Just to give you an idea of how much she ate, i weighed her a couple of days ago and she was 53 lbs. Just weighed her and she was 59 lbs.


----------



## JeanKBBMMMAAN (May 11, 2005)

Wow, you should have called the vet office to ask these kind of questions right then. 

I wouldn't dare answer. Not with a GSDs digestive system.


----------



## Cassidy's Mom (Mar 30, 2003)

You might want to make a call to your vet. I would not feed her anything until she's back to normal, and I would be very careful about water as well. If she drinks a lot of water that kibble can swell up and she can torsion, which is a life threatening emergency. ANY sign of distress and you should be on your way to the closest emergency vet - bloat is serious.


----------



## sportsman1539 (Jan 22, 2011)

JeanKBBMMMAAN said:


> Wow, you should have called the vet office to ask these kind of questions right then.
> 
> I wouldn't dare answer. Not with a GSDs digestive system.


 
Only reason I havnt called the vet is because I just found out 2 hours ago and it happened at 11:00 this morning. My mother didnt really know about potential serious problems so she didnt bother to call me or the vet. She does seem pretty normal now, she has been picking up her rope and enticing my mothers dog to play. Ive tried to keep the activity pretty low though. I guess I'll watch her through the night and see how she does and probably give the vet a call in the morning just to be on the safe side. From doing a little research, it seems like if there were a problem, she would have already shown signs.

I read about giving her gas-x. I dont have any of that laying around. What about pepto bismol?


----------



## sportsman1539 (Jan 22, 2011)

another update, I just took her out again and when she squated to pee she had let let some gas go. Then she had straight diarhea. Is it good that she is able to go the restroom?


----------



## JeanKBBMMMAAN (May 11, 2005)

Call an e-vet, explain that she's a German Shepherd. 

mobile alabama emergency vets - Google Search

I would not give Pepto. Cassidy's mom is right on about the bloat and torsion. 

You will have to give your mom a doggy 911 class.


----------



## sportsman1539 (Jan 22, 2011)

Ok, I just gave a call to two different emergency vets and they both said that since she seems to be acting normal and that it happened at 11:00 that she should be fine. They said just to keep a close watch on her and make sure she isnt in discomfort. They told me to not feed her until her stomach goes down and give her little water.

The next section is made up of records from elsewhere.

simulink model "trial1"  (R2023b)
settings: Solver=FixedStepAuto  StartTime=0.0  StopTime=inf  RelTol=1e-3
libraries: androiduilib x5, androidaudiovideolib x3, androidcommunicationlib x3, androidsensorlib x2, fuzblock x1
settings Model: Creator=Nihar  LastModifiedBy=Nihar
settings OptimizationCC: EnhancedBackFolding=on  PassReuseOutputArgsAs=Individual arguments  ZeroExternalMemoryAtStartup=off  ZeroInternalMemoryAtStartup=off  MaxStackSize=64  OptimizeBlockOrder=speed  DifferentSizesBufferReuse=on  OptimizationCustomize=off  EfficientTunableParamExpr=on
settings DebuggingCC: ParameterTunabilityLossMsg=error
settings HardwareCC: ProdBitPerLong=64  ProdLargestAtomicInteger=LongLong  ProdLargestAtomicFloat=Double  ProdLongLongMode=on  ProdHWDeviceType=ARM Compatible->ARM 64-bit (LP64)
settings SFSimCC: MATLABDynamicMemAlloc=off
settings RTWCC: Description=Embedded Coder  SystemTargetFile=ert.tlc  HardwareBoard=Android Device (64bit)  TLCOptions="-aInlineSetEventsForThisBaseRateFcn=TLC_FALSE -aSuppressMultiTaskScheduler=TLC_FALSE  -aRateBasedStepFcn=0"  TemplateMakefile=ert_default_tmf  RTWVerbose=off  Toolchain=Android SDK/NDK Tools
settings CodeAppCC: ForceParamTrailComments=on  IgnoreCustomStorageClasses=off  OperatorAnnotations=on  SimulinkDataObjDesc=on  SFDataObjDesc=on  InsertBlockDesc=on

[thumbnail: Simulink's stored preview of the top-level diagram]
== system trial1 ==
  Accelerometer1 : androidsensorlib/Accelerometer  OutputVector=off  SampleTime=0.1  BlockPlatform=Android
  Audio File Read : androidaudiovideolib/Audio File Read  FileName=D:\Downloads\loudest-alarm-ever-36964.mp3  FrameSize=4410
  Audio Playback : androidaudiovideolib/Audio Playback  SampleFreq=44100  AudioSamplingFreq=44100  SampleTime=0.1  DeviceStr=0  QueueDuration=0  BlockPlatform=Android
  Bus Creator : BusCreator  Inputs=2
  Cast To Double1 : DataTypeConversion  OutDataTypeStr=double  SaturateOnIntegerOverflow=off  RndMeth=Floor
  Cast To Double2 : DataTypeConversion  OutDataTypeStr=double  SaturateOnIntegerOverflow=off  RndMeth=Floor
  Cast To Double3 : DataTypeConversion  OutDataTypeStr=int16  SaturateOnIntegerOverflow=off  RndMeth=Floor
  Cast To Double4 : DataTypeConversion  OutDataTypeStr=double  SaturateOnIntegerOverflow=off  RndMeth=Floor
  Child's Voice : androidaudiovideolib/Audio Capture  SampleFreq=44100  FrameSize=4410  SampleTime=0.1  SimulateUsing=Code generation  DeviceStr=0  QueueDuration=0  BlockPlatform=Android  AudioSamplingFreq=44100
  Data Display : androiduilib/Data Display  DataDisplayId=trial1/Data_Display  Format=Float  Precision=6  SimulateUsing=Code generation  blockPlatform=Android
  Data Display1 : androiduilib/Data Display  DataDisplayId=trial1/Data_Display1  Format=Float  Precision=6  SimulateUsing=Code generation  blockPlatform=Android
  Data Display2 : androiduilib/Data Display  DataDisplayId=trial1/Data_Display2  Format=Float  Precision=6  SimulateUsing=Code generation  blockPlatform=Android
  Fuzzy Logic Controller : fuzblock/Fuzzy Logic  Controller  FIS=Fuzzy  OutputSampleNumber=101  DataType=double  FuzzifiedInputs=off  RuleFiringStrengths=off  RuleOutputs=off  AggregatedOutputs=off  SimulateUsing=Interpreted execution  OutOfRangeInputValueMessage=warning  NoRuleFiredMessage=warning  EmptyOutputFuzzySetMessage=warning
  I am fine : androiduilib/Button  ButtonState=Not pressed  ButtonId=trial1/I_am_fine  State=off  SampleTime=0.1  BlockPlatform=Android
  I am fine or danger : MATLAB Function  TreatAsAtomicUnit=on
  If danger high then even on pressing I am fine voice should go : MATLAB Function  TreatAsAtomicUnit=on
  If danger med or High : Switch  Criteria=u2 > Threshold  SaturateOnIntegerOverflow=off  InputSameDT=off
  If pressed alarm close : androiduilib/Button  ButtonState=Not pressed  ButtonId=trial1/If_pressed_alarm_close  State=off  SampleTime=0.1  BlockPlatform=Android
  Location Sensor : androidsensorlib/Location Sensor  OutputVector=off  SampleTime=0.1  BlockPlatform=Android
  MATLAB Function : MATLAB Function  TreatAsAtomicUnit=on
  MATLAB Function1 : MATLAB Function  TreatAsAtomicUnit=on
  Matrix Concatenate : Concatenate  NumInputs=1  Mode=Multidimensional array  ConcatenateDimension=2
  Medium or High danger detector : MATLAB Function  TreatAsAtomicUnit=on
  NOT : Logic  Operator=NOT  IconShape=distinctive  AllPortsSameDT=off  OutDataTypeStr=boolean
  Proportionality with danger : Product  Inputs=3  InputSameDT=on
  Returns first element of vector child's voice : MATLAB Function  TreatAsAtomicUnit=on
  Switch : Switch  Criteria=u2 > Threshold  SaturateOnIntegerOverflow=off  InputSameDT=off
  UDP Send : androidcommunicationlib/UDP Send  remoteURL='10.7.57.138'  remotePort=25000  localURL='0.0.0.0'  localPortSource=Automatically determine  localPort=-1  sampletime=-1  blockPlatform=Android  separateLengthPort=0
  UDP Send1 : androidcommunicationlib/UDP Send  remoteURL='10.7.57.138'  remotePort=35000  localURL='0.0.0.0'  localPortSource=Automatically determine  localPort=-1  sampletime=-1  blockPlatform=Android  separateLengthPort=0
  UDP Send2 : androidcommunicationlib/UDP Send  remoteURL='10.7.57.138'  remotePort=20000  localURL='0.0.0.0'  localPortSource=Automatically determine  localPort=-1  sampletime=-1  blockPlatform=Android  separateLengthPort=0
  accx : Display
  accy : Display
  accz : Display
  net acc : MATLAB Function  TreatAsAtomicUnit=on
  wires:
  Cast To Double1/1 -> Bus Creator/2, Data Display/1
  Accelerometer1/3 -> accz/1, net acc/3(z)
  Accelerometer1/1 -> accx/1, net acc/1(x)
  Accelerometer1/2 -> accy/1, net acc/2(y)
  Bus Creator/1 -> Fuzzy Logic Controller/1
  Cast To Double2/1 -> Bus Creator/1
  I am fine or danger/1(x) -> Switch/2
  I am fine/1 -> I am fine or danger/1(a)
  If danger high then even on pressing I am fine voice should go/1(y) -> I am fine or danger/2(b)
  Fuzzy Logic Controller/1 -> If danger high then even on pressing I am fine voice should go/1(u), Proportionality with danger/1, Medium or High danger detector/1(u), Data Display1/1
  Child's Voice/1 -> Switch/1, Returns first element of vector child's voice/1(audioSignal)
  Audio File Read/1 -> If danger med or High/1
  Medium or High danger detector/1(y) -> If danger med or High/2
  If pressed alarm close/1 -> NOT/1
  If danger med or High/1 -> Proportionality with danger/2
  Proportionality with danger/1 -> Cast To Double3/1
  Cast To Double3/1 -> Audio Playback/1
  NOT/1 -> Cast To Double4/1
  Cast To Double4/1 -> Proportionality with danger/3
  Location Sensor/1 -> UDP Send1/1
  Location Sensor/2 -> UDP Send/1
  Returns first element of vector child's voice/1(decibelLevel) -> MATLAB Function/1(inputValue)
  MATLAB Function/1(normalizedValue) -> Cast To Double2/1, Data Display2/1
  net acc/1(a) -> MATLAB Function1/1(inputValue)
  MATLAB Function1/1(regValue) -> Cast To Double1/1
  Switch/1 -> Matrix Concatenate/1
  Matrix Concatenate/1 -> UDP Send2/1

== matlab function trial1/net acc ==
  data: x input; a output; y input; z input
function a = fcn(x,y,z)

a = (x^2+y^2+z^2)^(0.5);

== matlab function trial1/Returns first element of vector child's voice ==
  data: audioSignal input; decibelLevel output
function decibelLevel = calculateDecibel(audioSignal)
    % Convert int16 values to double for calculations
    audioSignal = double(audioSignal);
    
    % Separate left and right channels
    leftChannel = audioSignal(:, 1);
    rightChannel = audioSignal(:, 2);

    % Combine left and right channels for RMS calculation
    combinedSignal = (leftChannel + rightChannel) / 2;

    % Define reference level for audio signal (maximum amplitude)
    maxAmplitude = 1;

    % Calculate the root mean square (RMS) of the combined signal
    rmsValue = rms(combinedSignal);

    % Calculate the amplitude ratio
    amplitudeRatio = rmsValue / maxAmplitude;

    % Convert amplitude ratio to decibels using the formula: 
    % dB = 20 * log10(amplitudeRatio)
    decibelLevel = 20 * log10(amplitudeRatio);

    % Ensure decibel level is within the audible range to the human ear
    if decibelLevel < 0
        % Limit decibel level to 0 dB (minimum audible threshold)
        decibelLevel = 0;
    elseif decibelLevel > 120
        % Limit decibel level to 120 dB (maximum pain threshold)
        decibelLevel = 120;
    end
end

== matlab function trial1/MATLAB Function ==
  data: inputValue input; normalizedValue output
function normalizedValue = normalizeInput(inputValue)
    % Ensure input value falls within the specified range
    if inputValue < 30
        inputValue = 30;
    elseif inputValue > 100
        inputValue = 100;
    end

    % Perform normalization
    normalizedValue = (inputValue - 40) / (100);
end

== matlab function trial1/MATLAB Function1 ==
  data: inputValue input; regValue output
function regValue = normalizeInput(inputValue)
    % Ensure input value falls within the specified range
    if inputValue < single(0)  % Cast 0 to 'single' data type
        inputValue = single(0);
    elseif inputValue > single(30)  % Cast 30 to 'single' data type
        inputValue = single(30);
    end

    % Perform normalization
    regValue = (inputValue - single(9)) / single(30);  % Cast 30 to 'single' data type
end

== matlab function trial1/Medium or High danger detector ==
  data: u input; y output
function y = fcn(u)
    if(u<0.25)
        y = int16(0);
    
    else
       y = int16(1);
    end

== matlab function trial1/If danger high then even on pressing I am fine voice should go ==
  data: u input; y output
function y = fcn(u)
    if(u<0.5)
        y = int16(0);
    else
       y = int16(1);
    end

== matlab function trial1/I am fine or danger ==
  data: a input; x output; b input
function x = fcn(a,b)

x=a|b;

They also said bloat is obvious when it comes to discomfort.


----------



## DJEtzel (Feb 11, 2010)

Do you think the alternative is better?? 

Yes, of course it's good that she's able to go to the bathroom...


----------



## sportsman1539 (Jan 22, 2011)

DJEtzel said:


> Do you think the alternative is better??
> 
> Yes, of course it's good that she's able to go to the bathroom...


 
Ok I guess i should rephrase that question... Is it good that she has gone to the bathroom 3 times this afternoon when one was runny and the last one was straight diarhea? I think you know what I meant


----------



## Cassidy's Mom (Mar 30, 2003)

The fact that she's passing a lot of the food she ate is potentially a good sign. Pepto Bismol is not the same as Gas-X. The ingredient you want is simethicone, which is in Gas-X and Phazyme. I've never had a bloat incident but it's SO common in the breed that I keep some Phazyme on hand in the dog cabinet. If your dog is bloating it's not enough to save its life, but getting a couple of capsules down the throat might buy you a couple of hours while you rush your dog to the e-vet. It's something that all GSD owners should have on hand, and all GSD owners should also be familiar with the signs of bloat: Understanding Bloat and Torsion ( Gastric Dialation Volvulus - GDV ) 



> Early signs of bloat may include restlessness, excessive drooling, abdominal pain, retching, and/or non-productive attempts to vomit. The dog may vomit foamy mucous, or a mucousy foam may be evident around the lips. A more advanced sign of bloat is characterized by abdominal distension (enlarged abdomen). Other signs may include pale mucous membrane (evident by pale gum color), and prolonged capillary refill time (detected by pressing the gum with your fingertip and judging the speed at which gum color returns to pink after you stop pressing.) Some people have reported early detection by observing abnormal behavior, such as not wanting to move around; or laying down in a curled up position, etc. when the dog would normally run around and play. During this early phase, stomach enlargement may not be visually evident yet. Bloat can usually be detected when you make the dog stand up and gently feel his/her abdomen. The abdomen should feel soft and tapered inward when the dog is relaxed. If the abdomen feels hard, or sounds hollow (like a drum) when you tap it gently with your hand, then your dog is probably bloating or even torsioning. If you're not sure, get the dog in to the veterinarian (or at least call) right away just in case--it's better to be safe than sorry.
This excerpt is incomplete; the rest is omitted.